• Task:
Please return all lines of the data below containing the string "Increasing".

• Entries supplied:
-- Opening Marker --

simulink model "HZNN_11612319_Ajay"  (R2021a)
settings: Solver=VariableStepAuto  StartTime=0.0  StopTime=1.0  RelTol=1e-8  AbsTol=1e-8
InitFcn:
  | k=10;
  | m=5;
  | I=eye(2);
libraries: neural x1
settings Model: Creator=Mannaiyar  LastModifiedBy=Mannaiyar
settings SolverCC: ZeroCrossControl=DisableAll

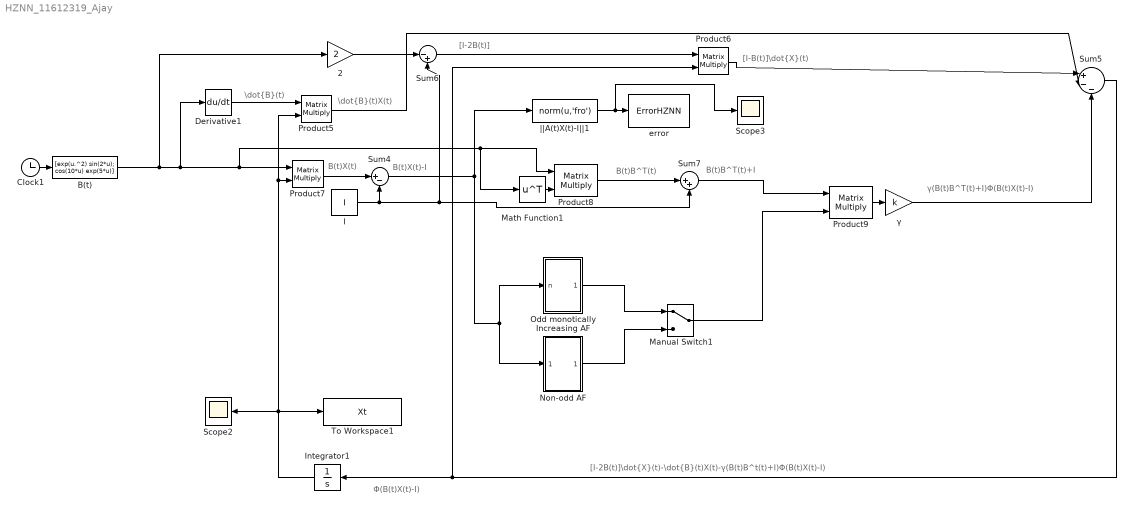
== system HZNN_11612319_Ajay ==
  note: Φ(B(t)X(t)-I)
  note: B(t)X(t)
  note: \dot{B}(t)X(t)
  note: \dot{B}(t)
  note: B(t)B^T(t)
  note: B(t)X(t)-I
  note: [I-2B(t)]
  note: [I-B(t)]\dot{X}(t)
  note: [I-2B(t)]\dot{X}(t)-\dot{B}(t)X(t)-γ(B(t)B^t(t)+I)Φ(B(t)X(t)-I)
  note: B(t)B^T(t)+I
  note: γ(B(t)B^T(t)+I)Φ(B(t)X(t)-I)
  2 : Gain  Gain=2
  B(t) : MATLABFcn  MATLABFcn=[exp(u.^2) sin(2*u); cos(10*u) exp(5*u)]  Output1D=off
  Clock1 : Clock
  Derivative1 : Derivative
  Integrator1 : Integrator
  Manual Switch1 : ManualSwitch
  Math Function1 : Math  Operator=transpose  SignedPower=on  SaturateOnIntegerOverflow=on
  Non-odd AF : Subsystem
  Odd monotically Increasing AF : Subsystem
  Product{5..9} (5 alike) : Product  Multiplication=Matrix(*)
  Scope2 : Scope
  Scope3 : Scope
  Sum4 : Sum  Inputs=|+-
  Sum5 : Sum  Inputs=|+--
  Sum6 : Sum  Inputs=|-+
  Sum7 : Sum  Inputs=|++
  To Workspace1 : ToWorkspace  VariableName=Xt  SaveFormat=Timeseries  SampleTime=-1
  error : ToWorkspace  VariableName=ErrorHZNN  SaveFormat=Timeseries  SampleTime=-1
  ||A(t)X(t)-I||1 : MATLABFcn  MATLABFcn=norm(u,'fro')
  "Ι " : Constant  Value=I  VectorParams1D=off
  γ : Gain  Gain=k
  wires:
  Sum7/1 -> Product9/1
  Product9/1 -> γ/1
  Product8/1 -> Sum7/1
  2/1 -> Sum6/1
  Integrator1/1 -> Product5/2, Product7/2, Scope2/1, To Workspace1/1
  Manual Switch1/1 -> Product9/2
  Product6/1 -> Sum5/1
  Sum6/1 -> Product6/1
  Math Function1/1 -> Product8/2
  Derivative1/1 -> Product5/1
  "Ι "/1 -> Sum7/2, Sum6/2, Sum4/2
  Sum4/1 -> Odd monotically Increasing AF/1(n), Non-odd AF/1(In1), ||A(t)X(t)-I||1/1
  Product5/1 -> Sum5/2
  Odd monotically Increasing AF/1(Out1) -> Manual Switch1/1
  B(t)/1 -> Math Function1/1, Product8/1, Product7/1, Derivative1/1, 2/1
  Product7/1 -> Sum4/1
  Sum5/1 -> Integrator1/1, Product6/2
  γ/1 -> Sum5/3
  ||A(t)X(t)-I||1/1 -> Scope3/1, error/1
  Non-odd AF/1(Out1) -> Manual Switch1/2
  Clock1/1 -> B(t)/1

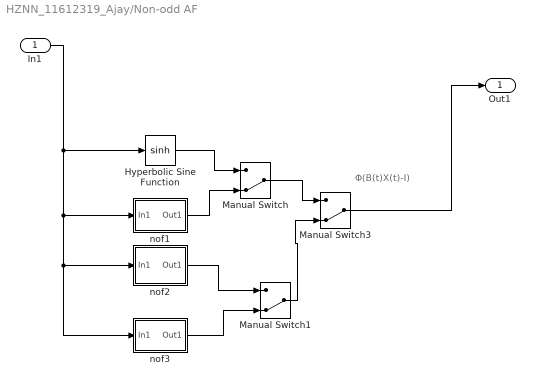
== system HZNN_11612319_Ajay/Non-odd AF ==
  note: Φ(B(t)X(t)-I)
  In1 : Inport
  Hyperbolic Sine Function : Trigonometry  Operator=sinh
  Manual Switch : ManualSwitch  CurrentSetting=0
  Manual Switch1 : ManualSwitch  CurrentSetting=0
  Manual Switch3 : ManualSwitch  CurrentSetting=0
  "nof1 " : Subsystem
  nof2 : Subsystem
  nof3 : Subsystem
  Out1 : Outport
  wires:
  Hyperbolic Sine Function/1 -> Manual Switch/1
  nof2/1(Out1) -> Manual Switch1/1
  In1/1 -> nof3/1(In1), nof2/1(In1), "nof1 "/1(In1), Hyperbolic Sine Function/1
  "nof1 "/1(Out1) -> Manual Switch/2
  Manual Switch/1 -> Manual Switch3/1
  Manual Switch1/1 -> Manual Switch3/2
  nof3/1(Out1) -> Manual Switch1/2
  Manual Switch3/1 -> Out1/1

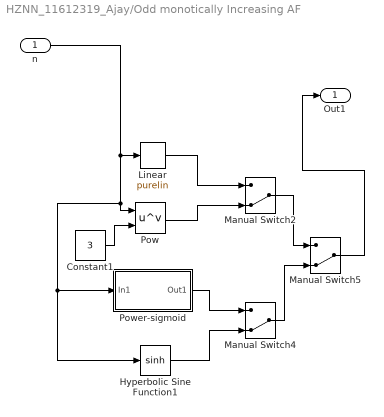
== system HZNN_11612319_Ajay/Odd monotically Increasing AF ==
  n : Inport
  Constant1 : Constant  Value=3
  Hyperbolic Sine Function1 : Trigonometry  Operator=sinh
  Linear : neural/Transfer Functions/purelin
  Manual Switch2 : ManualSwitch  CurrentSetting=0
  Manual Switch4 : ManualSwitch  CurrentSetting=0
  Manual Switch5 : ManualSwitch  CurrentSetting=0
  Pow : Math  Operator=pow  SignedPower=on  SaturateOnIntegerOverflow=on
  "Power-sigmoid " : Subsystem
  Out1 : Outport
  wires:
  Linear/1 -> Manual Switch2/1
  Hyperbolic Sine Function1/1 -> Manual Switch4/2
  Constant1/1 -> Pow/2
  Manual Switch2/1 -> Manual Switch5/1
  n/1 -> Hyperbolic Sine Function1/1, "Power-sigmoid "/1(In1), Pow/1, Linear/1
  "Power-sigmoid "/1(Out1) -> Manual Switch4/1
  Manual Switch4/1 -> Manual Switch5/2
  Pow/1 -> Manual Switch2/2
  Manual Switch5/1 -> Out1/1

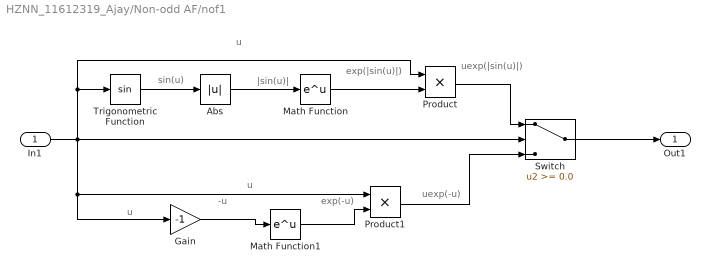
== system HZNN_11612319_Ajay/Non-odd AF/nof1  ==
  note: uexp(-u)
  note: exp(-u)
  note: -u
  note: u
  note: u
  note: u
  note: exp(|sin(u)|)
  note: |sin(u)|
  note: sin(u)
  note: uexp(|sin(u)|)
  In1 : Inport
  Abs : Abs
  Gain : Gain  Gain=-1
  Math Function : Math  SignedPower=on  SaturateOnIntegerOverflow=on
  Math Function1 : Math  SignedPower=on  SaturateOnIntegerOverflow=on
  Product : Product
  Product1 : Product
  Switch : Switch  Threshold=0.0
  Trigonometric Function : Trigonometry
  Out1 : Outport
  wires:
  Switch/1 -> Out1/1
  In1/1 -> Gain/1, Product1/1, Product/1, Trigonometric Function/1, Switch/2
  Trigonometric Function/1 -> Abs/1
  Abs/1 -> Math Function/1
  Product/1 -> Switch/1
  Product1/1 -> Switch/3
  Math Function1/1 -> Product1/2
  Gain/1 -> Math Function1/1
  Math Function/1 -> Product/2

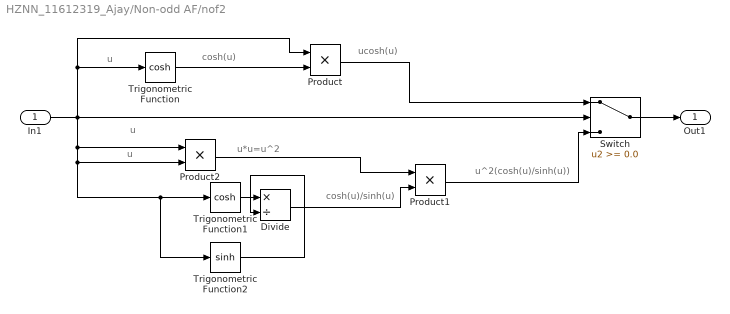
== system HZNN_11612319_Ajay/Non-odd AF/nof2 ==
  note: u^2(cosh(u)/sinh(u))
  note: cosh(u)/sinh(u)
  note: u*u=u^2
  note: u
  note: u
  note: ucosh(u)
  note: cosh(u)
  note: u
  In1 : Inport
  Divide : Product  Inputs=*/
  Product : Product
  Product1 : Product
  Product2 : Product
  Switch : Switch  Threshold=0.0
  Trigonometric Function : Trigonometry  Operator=cosh
  Trigonometric Function1 : Trigonometry  Operator=cosh
  Trigonometric Function2 : Trigonometry  Operator=sinh
  Out1 : Outport
  wires:
  Switch/1 -> Out1/1
  In1/1 -> Product2/1, Trigonometric Function2/1, Trigonometric Function1/1, Product2/2, Product/1, Trigonometric Function/1, Switch/2
  Product/1 -> Switch/1
  Product1/1 -> Switch/3
  Divide/1 -> Product1/2
  Trigonometric Function/1 -> Product/2
  Product2/1 -> Product1/1
  Trigonometric Function1/1 -> Divide/1
  Trigonometric Function2/1 -> Divide/2

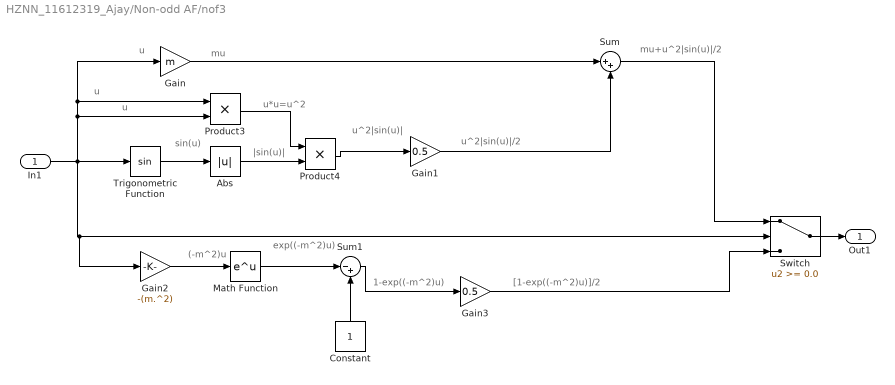
== system HZNN_11612319_Ajay/Non-odd AF/nof3 ==
  note: exp((-m^2)u)
  note: (-m^2)u
  note: mu+u^2|sin(u)|/2
  note: u^2|sin(u)|/2
  note: u^2|sin(u)|
  note: |sin(u)|
  note: sin(u)
  note: u*u=u^2
  note: u
  note: u
  note: mu
  note: u
  note: 1-exp((-m^2)u)
  note: [1-exp((-m^2)u)]/2
  In1 : Inport
  Abs : Abs
  Constant : Constant
  Gain : Gain  Gain=m
  Gain1 : Gain  Gain=0.5
  Gain2 : Gain  Gain=-(m.^2)
  Gain3 : Gain  Gain=0.5
  Math Function : Math  SignedPower=on  SaturateOnIntegerOverflow=on
  Product3 : Product
  Product4 : Product
  Sum : Sum  Inputs=|++
  Sum1 : Sum  Inputs=|-+
  Switch : Switch  Threshold=0.0
  Trigonometric Function : Trigonometry
  Out1 : Outport
  wires:
  Switch/1 -> Out1/1
  In1/1 -> Trigonometric Function/1, Gain2/1, Switch/2, Product3/2, Product3/1, Gain/1
  Trigonometric Function/1 -> Abs/1
  Abs/1 -> Product4/2
  Product3/1 -> Product4/1
  Product4/1 -> Gain1/1
  Gain1/1 -> Sum/2
  Gain/1 -> Sum/1
  Sum/1 -> Switch/1
  Gain2/1 -> Math Function/1
  Math Function/1 -> Sum1/1
  Constant/1 -> Sum1/2
  Sum1/1 -> Gain3/1
  Gain3/1 -> Switch/3

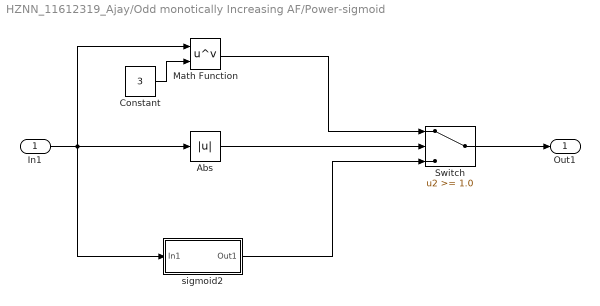
== system HZNN_11612319_Ajay/Odd monotically Increasing AF/Power-sigmoid  ==
  In1 : Inport
  Abs : Abs
  Constant : Constant  Value=3
  Math Function : Math  Operator=pow  SignedPower=on  SaturateOnIntegerOverflow=on
  Switch : Switch  Threshold=1.0
  "sigmoid2 " : Subsystem
  Out1 : Outport
  wires:
  Switch/1 -> Out1/1
  Abs/1 -> Switch/2
  "sigmoid2 "/1(Out1) -> Switch/3
  Constant/1 -> Math Function/2
  Math Function/1 -> Switch/1
  In1/1 -> "sigmoid2 "/1(In1), Math Function/1, Abs/1

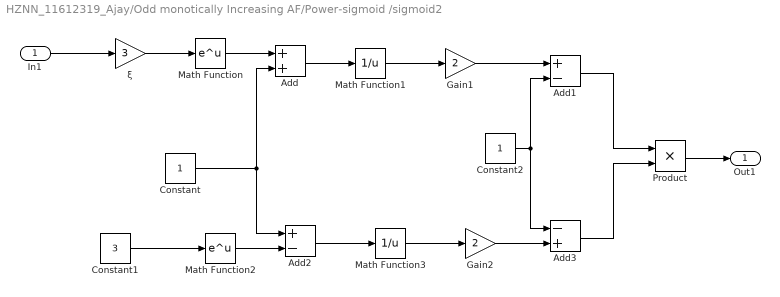
== system HZNN_11612319_Ajay/Odd monotically Increasing AF/Power-sigmoid /sigmoid2  ==
  In1 : Inport
  Add : Sum
  Add1 : Sum  Inputs=+-
  Add2 : Sum  Inputs=+-
  Add3 : Sum  Inputs=-+
  Constant : Constant
  Constant1 : Constant  Value=3
  Constant2 : Constant
  Gain1 : Gain  Gain=2
  Gain2 : Gain  Gain=2
  Math Function : Math  SignedPower=on  SaturateOnIntegerOverflow=on
  Math Function1 : Math  Operator=reciprocal  SignedPower=on  SaturateOnIntegerOverflow=on
  Math Function2 : Math  SignedPower=on  SaturateOnIntegerOverflow=on
  Math Function3 : Math  Operator=reciprocal  SignedPower=on  SaturateOnIntegerOverflow=on
  Product : Product  RndMeth=Zero
  ξ : Gain  Gain=3
  Out1 : Outport
  wires:
  ξ/1 -> Math Function/1
  In1/1 -> ξ/1
  Math Function1/1 -> Gain1/1
  Gain1/1 -> Add1/1
  Product/1 -> Out1/1
  Add1/1 -> Product/1
  Math Function/1 -> Add/1
  Add/1 -> Math Function1/1
  Constant1/1 -> Math Function2/1
  Math Function2/1 -> Add2/2
  Constant/1 -> Add2/1, Add/2
  Add2/1 -> Math Function3/1
  Math Function3/1 -> Gain2/1
  Constant2/1 -> Add3/1, Add1/2
  Gain2/1 -> Add3/2
  Add3/1 -> Product/2

-- Closing Marker --

• Solution for this exercise:
  Odd monotically Increasing AF : Subsystem
  Sum4/1 -> Odd monotically Increasing AF/1(n), Non-odd AF/1(In1), ||A(t)X(t)-I||1/1
  Odd monotically Increasing AF/1(Out1) -> Manual Switch1/1
== system HZNN_11612319_Ajay/Odd monotically Increasing AF ==
== system HZNN_11612319_Ajay/Odd monotically Increasing AF/Power-sigmoid  ==
== system HZNN_11612319_Ajay/Odd monotically Increasing AF/Power-sigmoid /sigmoid2  ==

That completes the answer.